Welcome to the TED playful, experiential sound walk in the Tourist City. The TED story begins right here where you are, but it could have happened in many other places in the city and in any town that became more hostile and less welcoming. Potentially, you can listen to this piece wherever you are, yet it was designed and situated in the context of Florence.
You can hear a story, made up of many voices, the story of an ancient Renaissance city that was transformed into a tourist theme park and became the quintessential tourist city. You will hear from Wario Nazdella, the caricatured entity of the tourist mayor, and the polyphonic and metamorphic voice of Ted The Mole, a nonconformist imaginary contrivance born of a performative mistake that moves in the opposite direction of the norm, a contrivance a narrative move, a multimodal connector, an urban hybrid… and more. See the four people standing motionless in the center of the square? They are part of the sound walk experience, representing different aspects of the city’s transformation. Through their stillness and presence, these individuals symbolize the frozen state of the city’s culture and history amidst the rapid changes brought about by mass tourism. Before you scan the QRCode and begin listening, let the TED Mask guide you through a ritual that will lead you into an underground experience, at times blind, playful, and fun.
How: Take a walk
Take a sound walk of urban critique accompanied by Ted The Mole, a pseudonym of a multiple entity in perpetual becoming, composed of urban researchers, artists, makers, and activists. A project started in 2018 that intends to show the absurdity of mass tourism and investigate the impact of touristification on our lives. The piece was originally produced in English, and to situate it in context, it was translated and reworked in Italian through a collective and self-organized effort of months. The script and dramaturgy of the piece found their conceptual framework in the concept of “Sceneturgia,” a neologism that melds together the words Script and Dramaturgy to express the peculiarity of a hybrid work that is both prescriptive and open to interpretations calling for actions, observations while strolling and detouring the city.

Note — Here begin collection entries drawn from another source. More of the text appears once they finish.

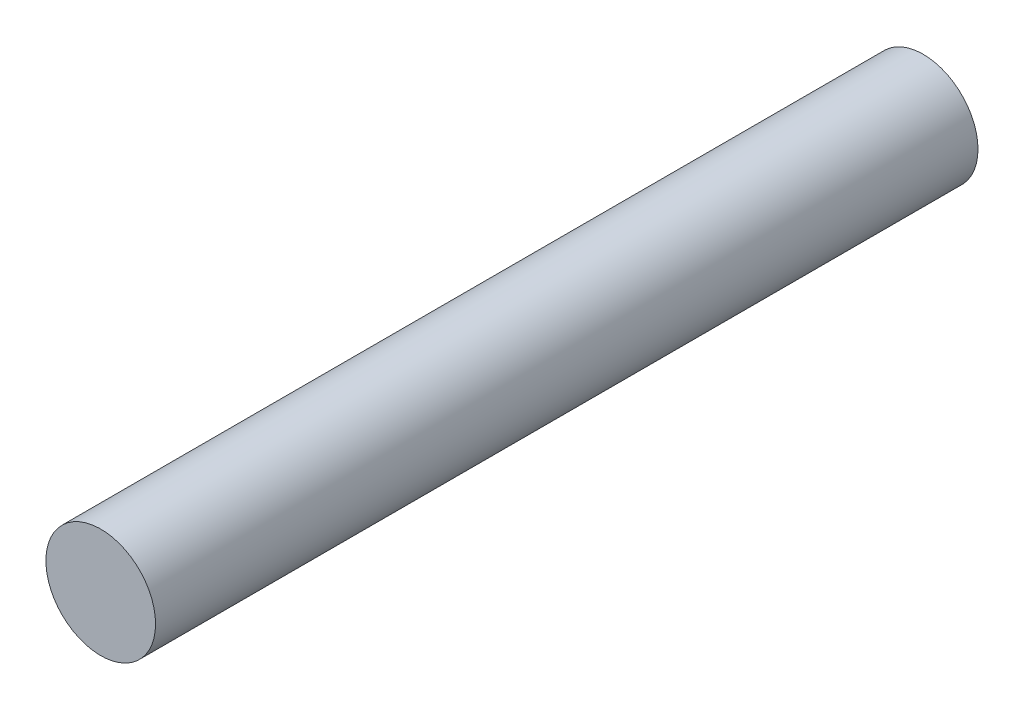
ISO-10303-21;
HEADER;
FILE_DESCRIPTION(('STEP AP214'),'2;1');
FILE_NAME('part.step','',(''),(''),'','','');
FILE_SCHEMA(('AUTOMOTIVE_DESIGN { 1 0 10303 214 1 1 1 1 }'));
ENDSEC;
DATA;
#1=APPLICATION_CONTEXT('core data for automotive mechanical design processes');
#2=APPLICATION_PROTOCOL_DEFINITION('international standard','automotive_design',2000,#1);
#3=PRODUCT_CONTEXT('',#1,'mechanical');
#4=PRODUCT('Part','Part','',(#3));
#5=PRODUCT_RELATED_PRODUCT_CATEGORY('part','',(#4));
#6=PRODUCT_DEFINITION_FORMATION('','',#4);
#7=PRODUCT_DEFINITION_CONTEXT('part definition',#1,'design');
#8=PRODUCT_DEFINITION('design','',#6,#7);
#9=PRODUCT_DEFINITION_SHAPE('','',#8);
#10=(LENGTH_UNIT() NAMED_UNIT(*) SI_UNIT(.MILLI.,.METRE.));
#11=(NAMED_UNIT(*) PLANE_ANGLE_UNIT() SI_UNIT($,.RADIAN.));
#12=(NAMED_UNIT(*) SI_UNIT($,.STERADIAN.) SOLID_ANGLE_UNIT());
#13=UNCERTAINTY_MEASURE_WITH_UNIT(LENGTH_MEASURE(1.E-05),#10,'distance_accuracy_value','');
#14=(GEOMETRIC_REPRESENTATION_CONTEXT(3) GLOBAL_UNCERTAINTY_ASSIGNED_CONTEXT((#13)) GLOBAL_UNIT_ASSIGNED_CONTEXT((#10,
#11,#12)) REPRESENTATION_CONTEXT('',''));
#15=CARTESIAN_POINT('',(0.,0.,0.));
#16=DIRECTION('',(0.,0.,1.));
#17=DIRECTION('',(1.,0.,0.));
#18=AXIS2_PLACEMENT_3D('',#15,#16,#17);
#19=CARTESIAN_POINT('',(0.,0.,-450.));
#20=DIRECTION('',(0.,0.,1.));
#21=DIRECTION('',(1.,0.,0.));
#22=AXIS2_PLACEMENT_3D('',#19,#20,#21);
#23=CYLINDRICAL_SURFACE('',#22,30.);
#24=CARTESIAN_POINT('',(0.,0.,-450.));
#25=DIRECTION('',(0.,0.,1.));
#26=DIRECTION('',(1.,0.,0.));
#27=AXIS2_PLACEMENT_3D('',#24,#25,#26);
#28=CIRCLE('',#27,30.);
#29=CARTESIAN_POINT('',(30.,0.,-450.));
#30=VERTEX_POINT('',#29);
#31=EDGE_CURVE('E10',#30,#30,#28,.T.);
#32=ORIENTED_EDGE('',*,*,#31,.T.);
#33=EDGE_LOOP('',(#32));
#34=FACE_BOUND('',#33,.T.);
#35=CARTESIAN_POINT('',(0.,0.,0.));
#36=DIRECTION('',(0.,0.,1.));
#37=DIRECTION('',(1.,0.,0.));
#38=AXIS2_PLACEMENT_3D('',#35,#36,#37);
#39=CIRCLE('',#38,30.);
#40=CARTESIAN_POINT('',(30.,0.,0.));
#41=VERTEX_POINT('',#40);
#42=EDGE_CURVE('E40',#41,#41,#39,.T.);
#43=ORIENTED_EDGE('',*,*,#42,.F.);
#44=EDGE_LOOP('',(#43));
#45=FACE_BOUND('',#44,.T.);
#46=ADVANCED_FACE('F37',(#34,#45),#23,.T.);
#47=CARTESIAN_POINT('',(0.,0.,-450.));
#48=DIRECTION('',(0.,0.,1.));
#49=DIRECTION('',(1.,0.,0.));
#50=AXIS2_PLACEMENT_3D('',#47,#48,#49);
#51=PLANE('',#50);
#52=ORIENTED_EDGE('',*,*,#31,.F.);
#53=EDGE_LOOP('',(#52));
#54=FACE_BOUND('',#53,.T.);
#55=ADVANCED_FACE('F54',(#54),#51,.F.);
#56=CARTESIAN_POINT('',(0.,0.,0.));
#57=DIRECTION('',(0.,0.,1.));
#58=DIRECTION('',(1.,0.,0.));
#59=AXIS2_PLACEMENT_3D('',#56,#57,#58);
#60=PLANE('',#59);
#61=ORIENTED_EDGE('',*,*,#42,.T.);
#62=EDGE_LOOP('',(#61));
#63=FACE_BOUND('',#62,.T.);
#64=ADVANCED_FACE('F51',(#63),#60,.T.);
#65=CLOSED_SHELL('',(#46,#55,#64));
#66=MANIFOLD_SOLID_BREP('B2',#65);
#67=ADVANCED_BREP_SHAPE_REPRESENTATION('',(#18,#66),#14);
#68=SHAPE_DEFINITION_REPRESENTATION(#9,#67);
ENDSEC;
END-ISO-10303-21;

Human and Non-human storytelling subjectivities invite you to get lost in the city’s historic center, locate security cameras, and pin observations and unexpected encounters on your map. We then meet again in Ted’s ‘temporary temple,’ a place of belief you might find for yourself at the end of this walk and from which you can write and tell us how your experience went.
Where is the place where most tourism occurs in this city? What makes a city safe, and why do we need more safety? What kind of city do we desire? Between disorientation and drift, narrative voices will take you on a sound and sensory journey to experiment with new codes for reading and interacting with the touristic urban landscape.
Steps you might follow:
– Print the ticket to enter the theme park and the map you find attached with all necessary instructions.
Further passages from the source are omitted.